Realizada em formato autodeclaratório, a pesquisa realizada pelo Sintelmark- Sindicato Paulista das Empresas de Contact Center pretendeu avaliar os níveis de diversidade e inclusão do setor de contact center

Publicado

em

São Paulo 19/6/2024 –

Realizada em formato autodeclaratório, a pesquisa realizada pelo Sintelmark- Sindicato Paulista das Empresas de Contact Center pretendeu avaliar os níveis de diversidade e inclusão do setor de contact center

O Sintelmark- Sindicato Paulista das Empresas de Contact Center acaba de abrir 500 vagas de emprego em regime CLT para suas empresas associadas. São vagas para operador de telemarketing, supervisor de operações, atendente de SAC, auxiliar de limpeza, analista de prevenção à fraude, analista de atendimento bilingue, agente de relacionamento, suporte técnico, auxiliar de qualidade, atendente técnico, consultor de vendas e operador de cobrança.
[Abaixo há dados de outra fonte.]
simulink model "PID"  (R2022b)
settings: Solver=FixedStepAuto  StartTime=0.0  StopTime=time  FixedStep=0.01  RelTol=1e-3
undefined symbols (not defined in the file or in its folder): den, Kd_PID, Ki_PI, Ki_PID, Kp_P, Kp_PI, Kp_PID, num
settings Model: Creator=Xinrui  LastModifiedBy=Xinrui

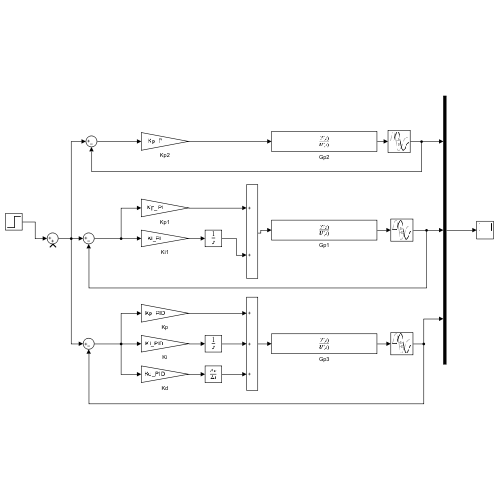
[thumbnail: Simulink's stored preview of the top-level diagram]
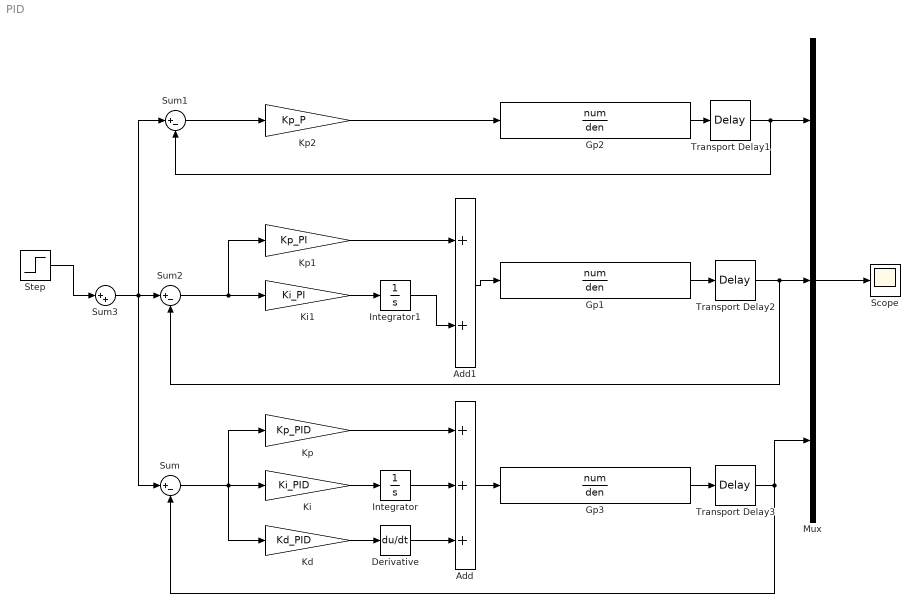
== system PID ==
  Add : Sum  Inputs=+++
  Add1 : Sum
  Derivative : Derivative
  Gp1 : TransferFcn  Numerator=num  Denominator=den
  Gp2 : TransferFcn  Numerator=num  Denominator=den
  Gp3 : TransferFcn  Numerator=num  Denominator=den
  Integrator : Integrator
  Integrator1 : Integrator
  Kd : Gain  Gain=Kd_PID
  Ki : Gain  Gain=Ki_PID
  Ki1 : Gain  Gain=Ki_PI
  Kp : Gain  Gain=Kp_PID
  Kp1 : Gain  Gain=Kp_PI
  Kp2 : Gain  Gain=Kp_P
  Mux : Mux  Inputs=3
  Scope : Scope
  Step : Step  SampleTime=0
  Sum : Sum  Inputs=|+-
  Sum1 : Sum  Inputs=|+-
  Sum2 : Sum  Inputs=|+-
  Sum3 : Sum  Inputs=|++
  Transport Delay1 : TransportDelay  DelayTime=t  BufferSize=2048
  Transport Delay2 : TransportDelay  DelayTime=t  BufferSize=2048
  Transport Delay3 : TransportDelay  DelayTime=t  BufferSize=2048
  wires:
  Sum/1 -> Kd/1, Kp/1, Ki/1
  Gp3/1 -> Transport Delay3/1
  Kp/1 -> Add/1
  Ki/1 -> Integrator/1
  Integrator/1 -> Add/2
  Add/1 -> Gp3/1
  Sum3/1 -> Sum1/1, Sum/1, Sum2/1
  Kd/1 -> Derivative/1
  Derivative/1 -> Add/3
  Mux/1 -> Scope/1
  Integrator1/1 -> Add1/2
  Sum2/1 -> Kp1/1, Ki1/1
  Ki1/1 -> Integrator1/1
  Kp1/1 -> Add1/1
  Add1/1 -> Gp1/1
  Gp1/1 -> Transport Delay2/1
  Kp2/1 -> Gp2/1
  Gp2/1 -> Transport Delay1/1
  Sum1/1 -> Kp2/1
  Transport Delay1/1 -> Mux/1, Sum1/2
  Transport Delay2/1 -> Mux/2, Sum2/2
  Transport Delay3/1 -> Mux/3, Sum/2
  Step/1 -> Sum3/1

Trabalho presencial, remoto ou híbrido com benefícios (VR/VT, seguro de vida, convênio médico) conforme a vaga da empresa.

Os currículos podem ser enviados para o e-mail atendimento@sintelmark.org.br. O Sindicato recebe os currículos e os dispara para todas as suas empresas associadas.

Em 30 dias, o Sintelmark criará uma área específica para vagas e empregos dentro de seu site para recepção de currículos e envio para suas empresas associadas (https://www.sintelmark.org.br/).

Segundo Luis Crem, presidente do Sintelmark, o setor tem oferecido emprego com registro em carteira para todos os públicos, no entanto, são maioria nas empresas de contact center colaboradores mulheres, negros e pessoas LGBTQIA+. “Prova que o setor é o mais inclusivo do país, sendo porta de entrada para o jovem no primeiro emprego. Outra característica é a grande oportunidade de ascensão profissional oferecida pelo segmento”, destaca  Crem.

Pesquisa constata que empresas de contact center priorizam contratação de mulheres, negros e pessoas LGBTQIA+

Pesquisa constata que empresas de contact center priorizam contratação de mulheres, negros e pessoas LGBTQIA+. Resultado é de pesquisa realizada pelo Sintelmark- Sindicato Paulista das Empresas de Contact Center, com uma amostra de 5.217 colaboradores em regime CLT, por meio de levantamento sociodemográfico e censo realizados pela agência de pesquisa FairJob.

Realizada em formato autodeclaratório, a pesquisa pretendeu avaliar os níveis de diversidade e inclusão do setor de contact center.

Mulheres são maioria

Quando perguntados sobre gênero, a pesquisa indicou que 70% dos colaboradores são mulheres e destas 62% ocupam cargos de liderança como gerência, coordenação e supervisão.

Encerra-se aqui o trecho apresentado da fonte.